What is the basis of our spiritual wealth?

“Many people have spent much time before God, but they have not passed through many experiences before God. If one wants to become rich, he must spend time before God, and he must pass through many experiences before God. The experiences one has to go through are the discipline of the Holy Spirit.

…Let us not be dismayed by the difficulties we face before God. Every one of these situations adds to our wealth. The fewer problems we have, the less we will have in reserve, and the fewer words we will be able to share with others. No one can have a word without experience. Our wealth in the Word and our service to God’s children are in proportion to the experiences we go through. Our supply comes through the lessons we have learned before God. This is not something that doctrines can give to us; nor is it something that commentaries on the Bible can give to us. It is something we learn when the Holy Spirit leads us in our daily walk.

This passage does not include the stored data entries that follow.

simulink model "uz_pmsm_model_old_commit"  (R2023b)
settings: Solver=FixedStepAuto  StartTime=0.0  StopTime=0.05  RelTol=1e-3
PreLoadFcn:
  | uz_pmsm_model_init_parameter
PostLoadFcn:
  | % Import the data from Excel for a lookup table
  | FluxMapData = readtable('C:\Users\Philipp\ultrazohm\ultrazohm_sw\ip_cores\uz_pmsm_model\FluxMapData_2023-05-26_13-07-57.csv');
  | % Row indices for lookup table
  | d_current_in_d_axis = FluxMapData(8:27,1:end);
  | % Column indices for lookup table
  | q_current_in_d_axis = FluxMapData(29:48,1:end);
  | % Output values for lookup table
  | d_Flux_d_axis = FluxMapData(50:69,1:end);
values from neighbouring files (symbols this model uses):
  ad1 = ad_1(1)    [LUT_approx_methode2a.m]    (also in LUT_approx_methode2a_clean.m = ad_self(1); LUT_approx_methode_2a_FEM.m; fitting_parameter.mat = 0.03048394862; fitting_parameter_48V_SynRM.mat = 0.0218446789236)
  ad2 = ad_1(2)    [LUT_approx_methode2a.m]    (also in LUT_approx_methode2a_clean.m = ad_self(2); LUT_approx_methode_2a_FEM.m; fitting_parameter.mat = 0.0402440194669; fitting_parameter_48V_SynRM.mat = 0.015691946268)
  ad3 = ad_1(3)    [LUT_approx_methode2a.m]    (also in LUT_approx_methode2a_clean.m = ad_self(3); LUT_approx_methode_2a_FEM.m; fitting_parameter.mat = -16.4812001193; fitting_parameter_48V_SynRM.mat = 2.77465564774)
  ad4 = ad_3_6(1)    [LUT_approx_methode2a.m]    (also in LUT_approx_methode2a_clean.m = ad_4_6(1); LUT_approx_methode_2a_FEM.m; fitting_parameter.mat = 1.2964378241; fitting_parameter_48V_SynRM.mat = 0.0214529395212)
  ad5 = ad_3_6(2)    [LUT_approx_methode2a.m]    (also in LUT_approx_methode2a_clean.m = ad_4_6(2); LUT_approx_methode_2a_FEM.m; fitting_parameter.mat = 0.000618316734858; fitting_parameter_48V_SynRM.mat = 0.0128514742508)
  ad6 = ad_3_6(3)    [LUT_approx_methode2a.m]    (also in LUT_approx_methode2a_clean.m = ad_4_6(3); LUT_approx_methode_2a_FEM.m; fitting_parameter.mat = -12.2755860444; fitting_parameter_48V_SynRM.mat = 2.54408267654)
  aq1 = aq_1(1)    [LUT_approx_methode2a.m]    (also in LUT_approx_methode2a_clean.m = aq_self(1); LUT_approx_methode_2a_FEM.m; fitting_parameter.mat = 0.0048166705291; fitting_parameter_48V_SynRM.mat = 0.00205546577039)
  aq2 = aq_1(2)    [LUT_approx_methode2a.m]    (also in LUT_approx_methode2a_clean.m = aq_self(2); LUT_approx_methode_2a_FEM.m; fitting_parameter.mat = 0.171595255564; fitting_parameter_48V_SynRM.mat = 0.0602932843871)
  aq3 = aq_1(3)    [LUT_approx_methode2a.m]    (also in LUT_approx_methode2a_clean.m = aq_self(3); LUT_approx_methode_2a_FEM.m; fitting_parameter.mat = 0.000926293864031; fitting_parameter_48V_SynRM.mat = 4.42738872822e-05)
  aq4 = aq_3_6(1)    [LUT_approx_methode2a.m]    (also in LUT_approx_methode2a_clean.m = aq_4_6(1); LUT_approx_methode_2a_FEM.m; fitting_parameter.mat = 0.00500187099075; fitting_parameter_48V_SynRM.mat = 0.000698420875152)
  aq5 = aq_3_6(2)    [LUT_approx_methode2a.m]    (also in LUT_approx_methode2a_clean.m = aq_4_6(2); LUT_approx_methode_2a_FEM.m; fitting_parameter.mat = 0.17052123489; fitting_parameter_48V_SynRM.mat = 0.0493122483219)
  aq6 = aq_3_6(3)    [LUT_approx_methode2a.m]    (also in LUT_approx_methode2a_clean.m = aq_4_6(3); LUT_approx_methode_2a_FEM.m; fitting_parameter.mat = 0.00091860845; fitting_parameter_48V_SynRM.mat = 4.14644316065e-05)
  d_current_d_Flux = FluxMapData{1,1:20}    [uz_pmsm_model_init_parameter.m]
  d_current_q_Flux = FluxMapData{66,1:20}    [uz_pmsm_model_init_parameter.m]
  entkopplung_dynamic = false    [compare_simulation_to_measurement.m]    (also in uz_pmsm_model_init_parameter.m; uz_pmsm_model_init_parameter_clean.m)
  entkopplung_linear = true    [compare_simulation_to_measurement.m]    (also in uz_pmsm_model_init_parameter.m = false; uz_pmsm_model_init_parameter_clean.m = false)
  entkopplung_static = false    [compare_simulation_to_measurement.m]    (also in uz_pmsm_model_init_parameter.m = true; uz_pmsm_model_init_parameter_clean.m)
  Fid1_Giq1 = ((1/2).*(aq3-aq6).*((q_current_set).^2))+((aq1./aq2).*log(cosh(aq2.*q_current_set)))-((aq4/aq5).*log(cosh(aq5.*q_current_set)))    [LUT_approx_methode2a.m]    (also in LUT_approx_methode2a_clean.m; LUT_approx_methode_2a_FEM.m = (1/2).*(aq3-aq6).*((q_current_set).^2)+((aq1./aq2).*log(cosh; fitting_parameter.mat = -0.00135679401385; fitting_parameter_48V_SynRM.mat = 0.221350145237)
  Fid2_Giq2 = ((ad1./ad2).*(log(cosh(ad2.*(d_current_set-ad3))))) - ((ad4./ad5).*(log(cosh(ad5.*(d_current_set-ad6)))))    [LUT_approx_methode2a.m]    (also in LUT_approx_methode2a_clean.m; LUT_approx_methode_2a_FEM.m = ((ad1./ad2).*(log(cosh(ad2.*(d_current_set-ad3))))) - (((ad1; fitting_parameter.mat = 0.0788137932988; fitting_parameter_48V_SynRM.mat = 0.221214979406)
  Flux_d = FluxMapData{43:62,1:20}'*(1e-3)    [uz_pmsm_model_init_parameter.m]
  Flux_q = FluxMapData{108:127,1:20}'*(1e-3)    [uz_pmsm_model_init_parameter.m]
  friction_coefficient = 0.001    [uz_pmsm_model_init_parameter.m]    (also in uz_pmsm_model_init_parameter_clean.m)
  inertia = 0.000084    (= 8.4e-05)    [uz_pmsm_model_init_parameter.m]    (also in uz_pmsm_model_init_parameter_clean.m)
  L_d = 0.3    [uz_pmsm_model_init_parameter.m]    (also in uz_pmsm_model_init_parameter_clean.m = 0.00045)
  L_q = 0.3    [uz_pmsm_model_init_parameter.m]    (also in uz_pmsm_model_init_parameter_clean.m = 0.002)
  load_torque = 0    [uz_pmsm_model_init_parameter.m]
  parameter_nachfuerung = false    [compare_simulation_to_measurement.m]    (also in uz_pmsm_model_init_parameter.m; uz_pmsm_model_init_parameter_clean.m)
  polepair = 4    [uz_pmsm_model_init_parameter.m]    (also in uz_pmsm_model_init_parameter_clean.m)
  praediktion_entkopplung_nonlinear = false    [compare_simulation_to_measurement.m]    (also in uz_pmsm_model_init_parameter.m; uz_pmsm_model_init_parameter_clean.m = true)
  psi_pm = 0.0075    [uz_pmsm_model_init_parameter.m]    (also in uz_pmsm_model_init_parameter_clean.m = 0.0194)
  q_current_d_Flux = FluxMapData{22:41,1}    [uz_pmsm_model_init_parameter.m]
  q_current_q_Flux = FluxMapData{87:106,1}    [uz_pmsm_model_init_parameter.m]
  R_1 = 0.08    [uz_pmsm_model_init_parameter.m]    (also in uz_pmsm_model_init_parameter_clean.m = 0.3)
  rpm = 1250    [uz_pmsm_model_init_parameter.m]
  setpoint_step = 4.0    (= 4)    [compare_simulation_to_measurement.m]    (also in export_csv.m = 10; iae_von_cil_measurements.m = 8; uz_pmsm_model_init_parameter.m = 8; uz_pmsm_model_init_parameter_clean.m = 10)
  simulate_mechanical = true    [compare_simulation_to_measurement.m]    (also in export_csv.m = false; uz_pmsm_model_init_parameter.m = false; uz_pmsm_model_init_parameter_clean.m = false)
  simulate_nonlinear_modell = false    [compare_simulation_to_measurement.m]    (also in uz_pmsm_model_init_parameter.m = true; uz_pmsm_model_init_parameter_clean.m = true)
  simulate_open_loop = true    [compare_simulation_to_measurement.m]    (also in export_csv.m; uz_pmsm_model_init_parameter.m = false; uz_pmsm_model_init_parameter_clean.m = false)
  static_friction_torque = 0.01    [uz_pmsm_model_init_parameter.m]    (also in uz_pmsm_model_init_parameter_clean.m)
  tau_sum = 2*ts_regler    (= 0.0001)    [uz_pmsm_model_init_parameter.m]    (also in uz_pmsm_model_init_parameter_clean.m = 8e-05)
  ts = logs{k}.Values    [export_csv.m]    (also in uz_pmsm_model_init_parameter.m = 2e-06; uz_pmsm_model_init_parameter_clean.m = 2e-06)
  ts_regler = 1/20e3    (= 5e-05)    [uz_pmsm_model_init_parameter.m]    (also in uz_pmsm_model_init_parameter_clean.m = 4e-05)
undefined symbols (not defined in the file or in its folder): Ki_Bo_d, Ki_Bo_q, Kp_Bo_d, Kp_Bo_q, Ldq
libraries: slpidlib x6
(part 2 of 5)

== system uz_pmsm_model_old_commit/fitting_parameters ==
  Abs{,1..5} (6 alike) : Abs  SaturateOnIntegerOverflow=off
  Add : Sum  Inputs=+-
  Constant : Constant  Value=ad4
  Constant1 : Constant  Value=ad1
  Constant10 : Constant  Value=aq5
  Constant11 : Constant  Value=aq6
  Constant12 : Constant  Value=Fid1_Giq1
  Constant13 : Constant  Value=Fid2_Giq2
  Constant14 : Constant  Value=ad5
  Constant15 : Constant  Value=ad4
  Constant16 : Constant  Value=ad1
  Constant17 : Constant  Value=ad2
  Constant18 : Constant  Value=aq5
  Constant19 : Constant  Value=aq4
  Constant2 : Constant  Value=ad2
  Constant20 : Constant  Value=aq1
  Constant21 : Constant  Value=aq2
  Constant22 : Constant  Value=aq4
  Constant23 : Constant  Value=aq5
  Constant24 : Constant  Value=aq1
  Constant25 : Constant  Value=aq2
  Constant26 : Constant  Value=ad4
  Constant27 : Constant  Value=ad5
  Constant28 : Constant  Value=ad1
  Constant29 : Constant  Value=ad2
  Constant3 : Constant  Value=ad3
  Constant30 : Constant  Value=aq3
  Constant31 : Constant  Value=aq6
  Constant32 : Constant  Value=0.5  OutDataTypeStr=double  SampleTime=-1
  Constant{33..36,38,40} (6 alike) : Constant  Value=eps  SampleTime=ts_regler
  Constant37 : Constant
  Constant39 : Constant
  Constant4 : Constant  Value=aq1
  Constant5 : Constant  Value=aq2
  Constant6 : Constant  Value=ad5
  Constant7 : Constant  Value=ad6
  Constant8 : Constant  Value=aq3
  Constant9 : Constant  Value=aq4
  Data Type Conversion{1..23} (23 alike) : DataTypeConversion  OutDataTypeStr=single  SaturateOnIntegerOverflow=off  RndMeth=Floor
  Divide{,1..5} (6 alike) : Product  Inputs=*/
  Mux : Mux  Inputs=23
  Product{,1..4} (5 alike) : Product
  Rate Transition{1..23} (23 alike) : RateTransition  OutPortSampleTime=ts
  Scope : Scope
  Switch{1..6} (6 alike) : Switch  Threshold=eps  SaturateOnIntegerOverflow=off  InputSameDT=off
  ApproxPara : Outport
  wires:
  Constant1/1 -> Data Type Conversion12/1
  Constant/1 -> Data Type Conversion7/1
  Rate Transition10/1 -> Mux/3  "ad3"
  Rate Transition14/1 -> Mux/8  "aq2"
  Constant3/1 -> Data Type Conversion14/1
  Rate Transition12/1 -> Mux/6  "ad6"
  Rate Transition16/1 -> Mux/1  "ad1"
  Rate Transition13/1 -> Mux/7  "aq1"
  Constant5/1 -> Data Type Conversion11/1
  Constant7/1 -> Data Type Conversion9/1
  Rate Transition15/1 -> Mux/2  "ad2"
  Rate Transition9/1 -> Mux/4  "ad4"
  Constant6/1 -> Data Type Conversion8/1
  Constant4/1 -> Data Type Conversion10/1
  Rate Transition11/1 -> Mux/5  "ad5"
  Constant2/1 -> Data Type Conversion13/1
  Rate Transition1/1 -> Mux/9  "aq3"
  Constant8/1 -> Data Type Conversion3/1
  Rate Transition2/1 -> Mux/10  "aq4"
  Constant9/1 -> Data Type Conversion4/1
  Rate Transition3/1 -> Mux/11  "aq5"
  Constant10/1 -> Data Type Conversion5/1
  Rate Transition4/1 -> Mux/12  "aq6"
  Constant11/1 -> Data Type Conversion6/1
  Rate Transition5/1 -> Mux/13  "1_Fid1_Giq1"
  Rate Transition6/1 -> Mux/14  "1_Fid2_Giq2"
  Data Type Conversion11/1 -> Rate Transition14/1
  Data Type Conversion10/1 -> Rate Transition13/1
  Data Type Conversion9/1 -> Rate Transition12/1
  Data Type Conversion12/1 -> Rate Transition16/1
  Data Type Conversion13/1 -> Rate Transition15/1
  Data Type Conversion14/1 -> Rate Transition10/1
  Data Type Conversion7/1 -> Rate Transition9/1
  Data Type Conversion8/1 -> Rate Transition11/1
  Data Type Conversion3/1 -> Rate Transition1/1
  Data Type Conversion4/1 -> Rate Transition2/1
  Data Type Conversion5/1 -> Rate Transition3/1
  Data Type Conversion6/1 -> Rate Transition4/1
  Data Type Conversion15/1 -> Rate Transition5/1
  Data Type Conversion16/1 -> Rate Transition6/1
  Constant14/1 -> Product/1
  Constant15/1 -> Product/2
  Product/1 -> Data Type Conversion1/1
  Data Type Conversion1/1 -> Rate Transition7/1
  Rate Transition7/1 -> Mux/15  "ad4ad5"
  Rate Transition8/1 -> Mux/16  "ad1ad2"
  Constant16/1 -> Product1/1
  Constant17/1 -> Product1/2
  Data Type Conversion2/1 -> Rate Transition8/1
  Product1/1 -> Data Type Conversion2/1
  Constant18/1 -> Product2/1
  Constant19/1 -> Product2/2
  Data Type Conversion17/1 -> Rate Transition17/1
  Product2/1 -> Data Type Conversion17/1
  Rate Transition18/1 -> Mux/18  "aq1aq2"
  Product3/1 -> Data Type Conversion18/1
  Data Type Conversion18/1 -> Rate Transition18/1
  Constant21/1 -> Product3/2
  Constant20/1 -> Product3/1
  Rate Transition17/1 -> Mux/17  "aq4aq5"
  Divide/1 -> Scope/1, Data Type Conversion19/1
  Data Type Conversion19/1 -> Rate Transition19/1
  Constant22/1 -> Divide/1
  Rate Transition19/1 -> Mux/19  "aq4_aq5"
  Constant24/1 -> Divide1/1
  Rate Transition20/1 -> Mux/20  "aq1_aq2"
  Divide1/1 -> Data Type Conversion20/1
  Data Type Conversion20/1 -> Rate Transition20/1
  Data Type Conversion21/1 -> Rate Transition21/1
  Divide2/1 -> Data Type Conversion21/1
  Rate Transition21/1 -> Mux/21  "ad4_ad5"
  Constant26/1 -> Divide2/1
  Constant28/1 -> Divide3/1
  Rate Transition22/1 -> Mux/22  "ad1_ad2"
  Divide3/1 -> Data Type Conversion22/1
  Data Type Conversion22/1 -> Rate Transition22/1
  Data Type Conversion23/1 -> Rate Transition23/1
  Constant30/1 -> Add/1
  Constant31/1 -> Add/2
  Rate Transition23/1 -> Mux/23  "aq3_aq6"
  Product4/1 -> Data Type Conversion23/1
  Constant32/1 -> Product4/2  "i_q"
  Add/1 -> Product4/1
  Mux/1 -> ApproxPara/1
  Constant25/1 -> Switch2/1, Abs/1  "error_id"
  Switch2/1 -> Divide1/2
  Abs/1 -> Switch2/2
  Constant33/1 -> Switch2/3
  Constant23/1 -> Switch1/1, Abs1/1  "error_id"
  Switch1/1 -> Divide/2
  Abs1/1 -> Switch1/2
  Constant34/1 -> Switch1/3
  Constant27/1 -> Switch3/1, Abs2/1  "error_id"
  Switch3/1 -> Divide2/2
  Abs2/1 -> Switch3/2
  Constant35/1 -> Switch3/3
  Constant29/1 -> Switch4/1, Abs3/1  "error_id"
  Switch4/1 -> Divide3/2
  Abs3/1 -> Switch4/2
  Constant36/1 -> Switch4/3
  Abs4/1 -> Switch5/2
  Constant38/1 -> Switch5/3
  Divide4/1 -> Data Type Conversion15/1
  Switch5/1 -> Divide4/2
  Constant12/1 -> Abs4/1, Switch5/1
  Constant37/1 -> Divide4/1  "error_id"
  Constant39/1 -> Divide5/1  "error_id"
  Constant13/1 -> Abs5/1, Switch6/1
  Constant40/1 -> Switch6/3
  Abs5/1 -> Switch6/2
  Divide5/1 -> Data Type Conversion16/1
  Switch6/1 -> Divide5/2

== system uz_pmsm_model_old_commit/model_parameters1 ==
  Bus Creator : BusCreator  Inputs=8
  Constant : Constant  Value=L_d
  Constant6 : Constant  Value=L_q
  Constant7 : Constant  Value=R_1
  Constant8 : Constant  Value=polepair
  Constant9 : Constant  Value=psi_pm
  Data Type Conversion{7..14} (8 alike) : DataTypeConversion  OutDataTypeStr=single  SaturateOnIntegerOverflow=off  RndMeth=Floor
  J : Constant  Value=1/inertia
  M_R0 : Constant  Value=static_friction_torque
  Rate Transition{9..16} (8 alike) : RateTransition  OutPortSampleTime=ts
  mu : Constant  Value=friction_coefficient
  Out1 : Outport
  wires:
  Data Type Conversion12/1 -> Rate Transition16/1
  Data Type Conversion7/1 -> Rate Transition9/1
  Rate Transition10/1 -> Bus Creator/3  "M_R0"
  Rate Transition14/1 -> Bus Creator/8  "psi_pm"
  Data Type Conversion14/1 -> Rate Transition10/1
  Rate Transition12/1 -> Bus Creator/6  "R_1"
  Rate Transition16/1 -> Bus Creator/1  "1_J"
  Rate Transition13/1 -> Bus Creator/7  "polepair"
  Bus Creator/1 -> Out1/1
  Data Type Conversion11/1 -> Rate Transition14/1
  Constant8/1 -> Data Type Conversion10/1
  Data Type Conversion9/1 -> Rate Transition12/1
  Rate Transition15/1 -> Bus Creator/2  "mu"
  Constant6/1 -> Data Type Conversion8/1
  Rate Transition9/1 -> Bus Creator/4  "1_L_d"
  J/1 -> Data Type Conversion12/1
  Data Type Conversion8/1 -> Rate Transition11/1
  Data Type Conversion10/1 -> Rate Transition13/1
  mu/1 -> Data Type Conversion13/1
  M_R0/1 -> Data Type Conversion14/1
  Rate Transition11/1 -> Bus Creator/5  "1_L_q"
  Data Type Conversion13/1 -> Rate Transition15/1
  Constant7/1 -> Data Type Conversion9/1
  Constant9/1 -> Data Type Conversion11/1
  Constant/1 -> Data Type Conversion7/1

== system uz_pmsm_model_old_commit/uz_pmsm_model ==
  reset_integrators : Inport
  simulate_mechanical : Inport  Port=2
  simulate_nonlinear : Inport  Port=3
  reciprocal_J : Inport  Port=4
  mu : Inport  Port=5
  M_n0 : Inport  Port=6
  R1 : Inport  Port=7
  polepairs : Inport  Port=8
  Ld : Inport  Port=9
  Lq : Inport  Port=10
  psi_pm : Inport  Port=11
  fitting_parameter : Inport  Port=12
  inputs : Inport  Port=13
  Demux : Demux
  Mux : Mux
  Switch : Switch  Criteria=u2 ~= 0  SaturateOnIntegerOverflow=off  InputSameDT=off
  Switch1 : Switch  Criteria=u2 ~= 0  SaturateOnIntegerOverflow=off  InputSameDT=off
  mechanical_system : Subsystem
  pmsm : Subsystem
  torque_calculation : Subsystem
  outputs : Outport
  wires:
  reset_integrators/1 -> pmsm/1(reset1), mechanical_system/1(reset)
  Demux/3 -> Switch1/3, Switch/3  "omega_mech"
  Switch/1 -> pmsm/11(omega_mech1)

Therefore, I hope that we will not be slack in our daily experience in learning to follow God. In all the disappointment and disillusionment we face, let us recognize the Lord’s severe dealings with us. Let us bow before Him in gratitude and worship Him, acknowledging that His purpose in all these things is to enrich us and to lead us to abundance.

A certain brother thought that he was quite strong in faith until he fell ill. Then he began to learn the real meaning of faith. If we have never been poor, we do not know how to look to the Lord. If we have never been ill, we do not know faith. If we have never had problems, we do not know true worship. If we are without experiences and have not learned anything, we are poor. Anyone who tries to avoid difficulties is a poor person. Everyone who asks for easy circumstances is poor. If we want progress, we must ask for some situations to pass through. The more we want to learn, the more we must experience. Our hope, our faith, and our submission all come into these different situations to edify us and bring us through. If we have one more situation added outwardly, we will have one more item of spiritual wealth added inwardly. We must realize that every situation we encounter is for teaching us something, no matter how hard it is for our flesh or how much we dislike it. We must bow our head and say, ‘This is a chance, a once-in-a-lifetime chance, a hard-to-come-by opportunity! Lord, I thank You!’

…When you encounter trials, you should lift up your head and praise the Lord, saying, ‘Lord, You are creating another opportunity within me for me to gain some riches. Everything is working together for good. You are going to produce something in me that others do not have so that I can supply the church.’ Brothers, do not be deceived into thinking that you will be able to preach by dint of much study. A man can deliver a message, but he does not necessarily have a rich spirit. A man can improve his preaching and increase the abundance of his words, but this does not make him wealthy in his spirit.

Being full of meaningful utterance and being full of the Spirit are two entirely different matters. God is not treating us wrongly when He gives us more trials and difficulties; He is actually treating us very well. He has selected us and has granted us favor by providing us this big opportunity. We must look for this. If we have the light, we should always consider one matter: How many experiences have we passed through before the Lord? Do we have any reserves?  …The amount of our spiritual wealth is based on the amount of experiences we have passed through.